Task directions
Some entries follow. Reproduce exactly the lines starting at the one with "Ground_6/1 -> VISUMatrixSign_Mux/3(MatrixSign_7)" and stopping after the one with "Ground_1/1 -> VISUMatrixSignLights_Mux/1(MatrixSign_5)".

:: Records for processing

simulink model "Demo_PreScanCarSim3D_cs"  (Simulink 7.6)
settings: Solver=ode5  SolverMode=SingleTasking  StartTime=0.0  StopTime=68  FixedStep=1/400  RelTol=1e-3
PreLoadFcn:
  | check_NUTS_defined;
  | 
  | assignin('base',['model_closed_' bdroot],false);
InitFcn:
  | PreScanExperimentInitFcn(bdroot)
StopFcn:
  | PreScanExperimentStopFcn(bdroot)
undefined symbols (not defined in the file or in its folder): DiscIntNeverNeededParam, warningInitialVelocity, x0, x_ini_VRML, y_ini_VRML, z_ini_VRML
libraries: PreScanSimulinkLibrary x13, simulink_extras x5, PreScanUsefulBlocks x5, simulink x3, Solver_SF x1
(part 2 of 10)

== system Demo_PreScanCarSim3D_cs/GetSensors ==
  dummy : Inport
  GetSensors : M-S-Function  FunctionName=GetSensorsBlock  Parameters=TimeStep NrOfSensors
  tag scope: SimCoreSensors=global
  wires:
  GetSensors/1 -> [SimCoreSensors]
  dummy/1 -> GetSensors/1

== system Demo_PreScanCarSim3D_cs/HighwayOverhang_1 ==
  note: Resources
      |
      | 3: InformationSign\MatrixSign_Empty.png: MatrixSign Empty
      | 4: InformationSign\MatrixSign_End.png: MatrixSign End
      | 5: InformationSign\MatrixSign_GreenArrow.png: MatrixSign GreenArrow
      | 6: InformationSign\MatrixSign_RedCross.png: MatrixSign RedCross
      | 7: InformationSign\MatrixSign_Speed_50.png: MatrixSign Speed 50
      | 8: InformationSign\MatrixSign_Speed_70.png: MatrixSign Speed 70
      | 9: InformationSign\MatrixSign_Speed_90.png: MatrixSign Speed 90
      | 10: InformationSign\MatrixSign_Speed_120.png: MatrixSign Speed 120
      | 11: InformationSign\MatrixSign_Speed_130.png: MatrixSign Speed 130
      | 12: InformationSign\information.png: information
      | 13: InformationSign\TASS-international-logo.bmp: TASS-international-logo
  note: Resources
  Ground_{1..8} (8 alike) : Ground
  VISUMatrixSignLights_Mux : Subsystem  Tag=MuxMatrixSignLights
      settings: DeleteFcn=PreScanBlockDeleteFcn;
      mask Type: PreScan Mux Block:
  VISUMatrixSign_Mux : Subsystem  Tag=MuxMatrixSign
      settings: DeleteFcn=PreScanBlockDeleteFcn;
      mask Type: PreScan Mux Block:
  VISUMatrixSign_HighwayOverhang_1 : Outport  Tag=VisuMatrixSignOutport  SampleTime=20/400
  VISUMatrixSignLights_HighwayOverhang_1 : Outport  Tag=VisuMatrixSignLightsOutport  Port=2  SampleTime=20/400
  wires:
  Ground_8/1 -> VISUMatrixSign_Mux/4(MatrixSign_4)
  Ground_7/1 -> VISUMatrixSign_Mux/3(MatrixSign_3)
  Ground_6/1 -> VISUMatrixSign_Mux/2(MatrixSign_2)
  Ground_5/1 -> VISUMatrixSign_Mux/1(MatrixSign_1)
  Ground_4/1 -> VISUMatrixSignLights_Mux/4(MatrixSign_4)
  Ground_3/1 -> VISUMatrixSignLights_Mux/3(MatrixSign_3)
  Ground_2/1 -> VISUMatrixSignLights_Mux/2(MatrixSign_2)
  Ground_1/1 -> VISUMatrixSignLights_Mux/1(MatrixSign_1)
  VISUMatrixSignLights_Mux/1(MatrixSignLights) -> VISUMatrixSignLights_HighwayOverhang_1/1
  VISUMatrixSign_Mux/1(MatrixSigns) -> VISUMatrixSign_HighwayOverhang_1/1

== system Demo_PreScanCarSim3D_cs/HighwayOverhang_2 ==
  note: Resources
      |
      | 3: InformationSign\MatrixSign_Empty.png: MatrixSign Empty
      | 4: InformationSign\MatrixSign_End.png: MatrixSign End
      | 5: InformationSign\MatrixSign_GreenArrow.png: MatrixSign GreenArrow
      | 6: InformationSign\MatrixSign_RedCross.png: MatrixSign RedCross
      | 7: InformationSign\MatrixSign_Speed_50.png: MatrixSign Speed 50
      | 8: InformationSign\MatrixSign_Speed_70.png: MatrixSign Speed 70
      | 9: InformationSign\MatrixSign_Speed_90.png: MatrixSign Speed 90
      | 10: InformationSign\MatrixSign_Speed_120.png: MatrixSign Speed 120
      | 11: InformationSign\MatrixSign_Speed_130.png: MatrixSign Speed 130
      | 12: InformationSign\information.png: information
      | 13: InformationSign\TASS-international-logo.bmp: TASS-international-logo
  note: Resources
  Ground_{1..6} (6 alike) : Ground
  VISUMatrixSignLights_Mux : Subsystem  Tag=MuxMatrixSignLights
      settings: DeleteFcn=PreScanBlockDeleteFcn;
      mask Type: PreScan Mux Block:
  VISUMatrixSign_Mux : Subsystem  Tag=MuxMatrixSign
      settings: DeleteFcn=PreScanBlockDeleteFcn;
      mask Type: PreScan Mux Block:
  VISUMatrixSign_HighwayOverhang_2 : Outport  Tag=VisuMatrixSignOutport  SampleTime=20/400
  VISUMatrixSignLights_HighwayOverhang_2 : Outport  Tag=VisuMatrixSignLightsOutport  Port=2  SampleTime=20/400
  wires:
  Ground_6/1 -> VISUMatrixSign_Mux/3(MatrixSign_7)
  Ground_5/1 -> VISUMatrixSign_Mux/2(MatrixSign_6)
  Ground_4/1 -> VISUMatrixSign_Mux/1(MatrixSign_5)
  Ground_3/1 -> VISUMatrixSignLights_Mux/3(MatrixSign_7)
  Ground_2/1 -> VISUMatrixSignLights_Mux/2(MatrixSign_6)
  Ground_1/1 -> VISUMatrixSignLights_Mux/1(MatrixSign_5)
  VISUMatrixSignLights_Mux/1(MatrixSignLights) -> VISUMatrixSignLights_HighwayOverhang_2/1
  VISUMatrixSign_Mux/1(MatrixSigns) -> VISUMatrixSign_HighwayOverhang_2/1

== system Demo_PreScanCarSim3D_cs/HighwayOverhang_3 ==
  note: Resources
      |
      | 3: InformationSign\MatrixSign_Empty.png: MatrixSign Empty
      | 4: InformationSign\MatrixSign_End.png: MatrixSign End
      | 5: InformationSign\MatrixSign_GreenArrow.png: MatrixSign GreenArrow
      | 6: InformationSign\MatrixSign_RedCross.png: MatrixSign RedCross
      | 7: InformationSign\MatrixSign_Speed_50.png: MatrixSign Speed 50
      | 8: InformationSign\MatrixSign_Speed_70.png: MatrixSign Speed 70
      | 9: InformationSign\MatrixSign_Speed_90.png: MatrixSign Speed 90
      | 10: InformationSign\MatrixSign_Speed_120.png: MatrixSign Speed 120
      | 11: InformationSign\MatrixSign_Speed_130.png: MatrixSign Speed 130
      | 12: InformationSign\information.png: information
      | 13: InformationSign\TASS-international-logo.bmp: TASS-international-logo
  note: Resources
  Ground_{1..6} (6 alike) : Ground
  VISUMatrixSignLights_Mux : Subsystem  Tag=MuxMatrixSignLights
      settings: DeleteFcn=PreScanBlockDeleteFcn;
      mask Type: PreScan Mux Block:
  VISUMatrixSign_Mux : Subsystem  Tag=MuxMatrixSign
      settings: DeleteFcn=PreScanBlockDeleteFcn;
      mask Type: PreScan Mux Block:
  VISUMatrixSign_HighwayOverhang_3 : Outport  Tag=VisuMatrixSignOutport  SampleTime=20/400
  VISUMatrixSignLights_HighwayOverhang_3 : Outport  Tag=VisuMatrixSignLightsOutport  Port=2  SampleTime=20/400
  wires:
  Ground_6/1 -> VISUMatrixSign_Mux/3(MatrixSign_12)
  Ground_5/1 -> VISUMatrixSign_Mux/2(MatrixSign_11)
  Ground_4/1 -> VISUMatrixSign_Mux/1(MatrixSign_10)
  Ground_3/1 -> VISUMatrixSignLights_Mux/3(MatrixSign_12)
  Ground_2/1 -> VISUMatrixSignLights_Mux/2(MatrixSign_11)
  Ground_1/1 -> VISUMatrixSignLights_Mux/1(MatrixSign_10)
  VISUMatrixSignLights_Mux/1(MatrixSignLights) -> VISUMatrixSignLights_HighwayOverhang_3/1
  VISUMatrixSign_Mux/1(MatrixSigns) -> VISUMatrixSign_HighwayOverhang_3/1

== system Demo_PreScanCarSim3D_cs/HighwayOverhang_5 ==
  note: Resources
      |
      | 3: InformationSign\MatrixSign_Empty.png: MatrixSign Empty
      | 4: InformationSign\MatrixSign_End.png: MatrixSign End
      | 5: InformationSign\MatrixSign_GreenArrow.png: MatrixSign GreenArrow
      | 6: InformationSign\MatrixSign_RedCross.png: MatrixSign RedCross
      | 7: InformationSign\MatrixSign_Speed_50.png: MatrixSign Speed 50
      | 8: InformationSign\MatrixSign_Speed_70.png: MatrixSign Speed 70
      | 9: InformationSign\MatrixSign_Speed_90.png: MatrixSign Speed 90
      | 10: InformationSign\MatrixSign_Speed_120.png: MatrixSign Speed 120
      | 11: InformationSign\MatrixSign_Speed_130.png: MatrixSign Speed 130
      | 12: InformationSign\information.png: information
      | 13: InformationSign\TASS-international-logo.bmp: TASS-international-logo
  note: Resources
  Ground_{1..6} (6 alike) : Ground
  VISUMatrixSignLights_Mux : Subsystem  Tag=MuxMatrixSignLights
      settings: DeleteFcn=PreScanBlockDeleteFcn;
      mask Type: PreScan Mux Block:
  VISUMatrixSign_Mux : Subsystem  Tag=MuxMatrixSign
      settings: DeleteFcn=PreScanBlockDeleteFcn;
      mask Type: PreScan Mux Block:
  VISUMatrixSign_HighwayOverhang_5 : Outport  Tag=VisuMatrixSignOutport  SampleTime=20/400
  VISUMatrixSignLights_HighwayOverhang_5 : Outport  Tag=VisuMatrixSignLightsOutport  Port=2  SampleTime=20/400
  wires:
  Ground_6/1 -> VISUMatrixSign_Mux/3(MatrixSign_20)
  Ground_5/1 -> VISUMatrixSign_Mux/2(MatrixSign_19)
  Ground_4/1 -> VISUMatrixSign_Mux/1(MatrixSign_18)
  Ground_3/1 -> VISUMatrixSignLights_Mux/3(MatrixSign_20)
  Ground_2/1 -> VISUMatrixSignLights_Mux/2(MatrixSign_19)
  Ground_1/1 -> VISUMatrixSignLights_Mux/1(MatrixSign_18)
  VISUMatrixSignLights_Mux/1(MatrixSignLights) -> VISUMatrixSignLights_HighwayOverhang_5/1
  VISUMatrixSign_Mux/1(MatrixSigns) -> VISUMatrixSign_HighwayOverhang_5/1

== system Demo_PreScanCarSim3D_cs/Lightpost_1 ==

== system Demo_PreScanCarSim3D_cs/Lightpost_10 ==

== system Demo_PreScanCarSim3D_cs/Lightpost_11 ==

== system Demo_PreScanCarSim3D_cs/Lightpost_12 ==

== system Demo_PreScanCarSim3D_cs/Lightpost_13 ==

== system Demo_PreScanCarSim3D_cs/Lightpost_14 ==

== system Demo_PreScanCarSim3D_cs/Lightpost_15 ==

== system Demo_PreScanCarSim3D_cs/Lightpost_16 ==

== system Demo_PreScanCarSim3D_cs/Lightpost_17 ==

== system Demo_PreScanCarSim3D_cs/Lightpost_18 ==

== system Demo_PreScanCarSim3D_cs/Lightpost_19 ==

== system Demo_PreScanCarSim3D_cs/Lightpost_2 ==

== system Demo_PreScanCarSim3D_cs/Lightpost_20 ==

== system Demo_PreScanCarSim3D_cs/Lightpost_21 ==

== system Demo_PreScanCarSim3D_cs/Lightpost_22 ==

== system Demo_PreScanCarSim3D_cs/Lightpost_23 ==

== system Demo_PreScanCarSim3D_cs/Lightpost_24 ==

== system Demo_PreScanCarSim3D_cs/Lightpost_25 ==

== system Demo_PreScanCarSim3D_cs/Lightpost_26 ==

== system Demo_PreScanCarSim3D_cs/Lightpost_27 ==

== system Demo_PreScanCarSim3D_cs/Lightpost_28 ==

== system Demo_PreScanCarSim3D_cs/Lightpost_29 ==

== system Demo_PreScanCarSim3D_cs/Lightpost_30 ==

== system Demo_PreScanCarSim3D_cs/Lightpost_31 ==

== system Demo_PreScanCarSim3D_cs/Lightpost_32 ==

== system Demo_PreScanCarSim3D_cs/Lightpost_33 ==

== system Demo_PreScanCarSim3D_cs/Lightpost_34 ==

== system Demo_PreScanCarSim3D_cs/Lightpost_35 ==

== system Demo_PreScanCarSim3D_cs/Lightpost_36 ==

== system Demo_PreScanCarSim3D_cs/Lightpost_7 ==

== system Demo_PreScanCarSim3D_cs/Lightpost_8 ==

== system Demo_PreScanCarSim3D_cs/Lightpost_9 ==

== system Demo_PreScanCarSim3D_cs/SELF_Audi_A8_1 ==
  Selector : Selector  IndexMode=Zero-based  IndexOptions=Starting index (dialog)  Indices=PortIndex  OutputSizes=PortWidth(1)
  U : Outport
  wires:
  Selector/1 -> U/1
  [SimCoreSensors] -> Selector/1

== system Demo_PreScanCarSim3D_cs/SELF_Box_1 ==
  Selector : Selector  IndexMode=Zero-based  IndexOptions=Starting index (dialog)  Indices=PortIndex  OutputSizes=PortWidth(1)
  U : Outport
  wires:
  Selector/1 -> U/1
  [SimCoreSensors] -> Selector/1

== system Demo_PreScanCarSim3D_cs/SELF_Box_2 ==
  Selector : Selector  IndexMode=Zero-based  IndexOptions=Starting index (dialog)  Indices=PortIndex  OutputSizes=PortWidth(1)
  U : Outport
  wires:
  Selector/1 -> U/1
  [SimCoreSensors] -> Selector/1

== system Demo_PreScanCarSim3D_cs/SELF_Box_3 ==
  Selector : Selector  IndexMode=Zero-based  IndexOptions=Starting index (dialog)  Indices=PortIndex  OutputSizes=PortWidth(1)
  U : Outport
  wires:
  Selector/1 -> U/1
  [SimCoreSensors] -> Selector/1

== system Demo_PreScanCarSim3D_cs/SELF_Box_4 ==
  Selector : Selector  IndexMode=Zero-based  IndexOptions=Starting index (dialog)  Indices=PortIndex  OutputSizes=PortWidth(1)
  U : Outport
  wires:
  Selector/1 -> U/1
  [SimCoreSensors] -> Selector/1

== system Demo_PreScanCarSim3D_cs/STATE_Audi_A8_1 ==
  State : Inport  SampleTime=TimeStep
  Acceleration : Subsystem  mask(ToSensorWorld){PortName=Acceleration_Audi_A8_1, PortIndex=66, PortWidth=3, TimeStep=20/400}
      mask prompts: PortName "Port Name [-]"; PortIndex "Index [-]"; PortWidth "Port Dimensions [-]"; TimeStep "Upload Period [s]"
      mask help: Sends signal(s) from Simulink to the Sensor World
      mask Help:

::::

Final answer
  Ground_6/1 -> VISUMatrixSign_Mux/3(MatrixSign_7)
  Ground_5/1 -> VISUMatrixSign_Mux/2(MatrixSign_6)
  Ground_4/1 -> VISUMatrixSign_Mux/1(MatrixSign_5)
  Ground_3/1 -> VISUMatrixSignLights_Mux/3(MatrixSign_7)
  Ground_2/1 -> VISUMatrixSignLights_Mux/2(MatrixSign_6)
  Ground_1/1 -> VISUMatrixSignLights_Mux/1(MatrixSign_5)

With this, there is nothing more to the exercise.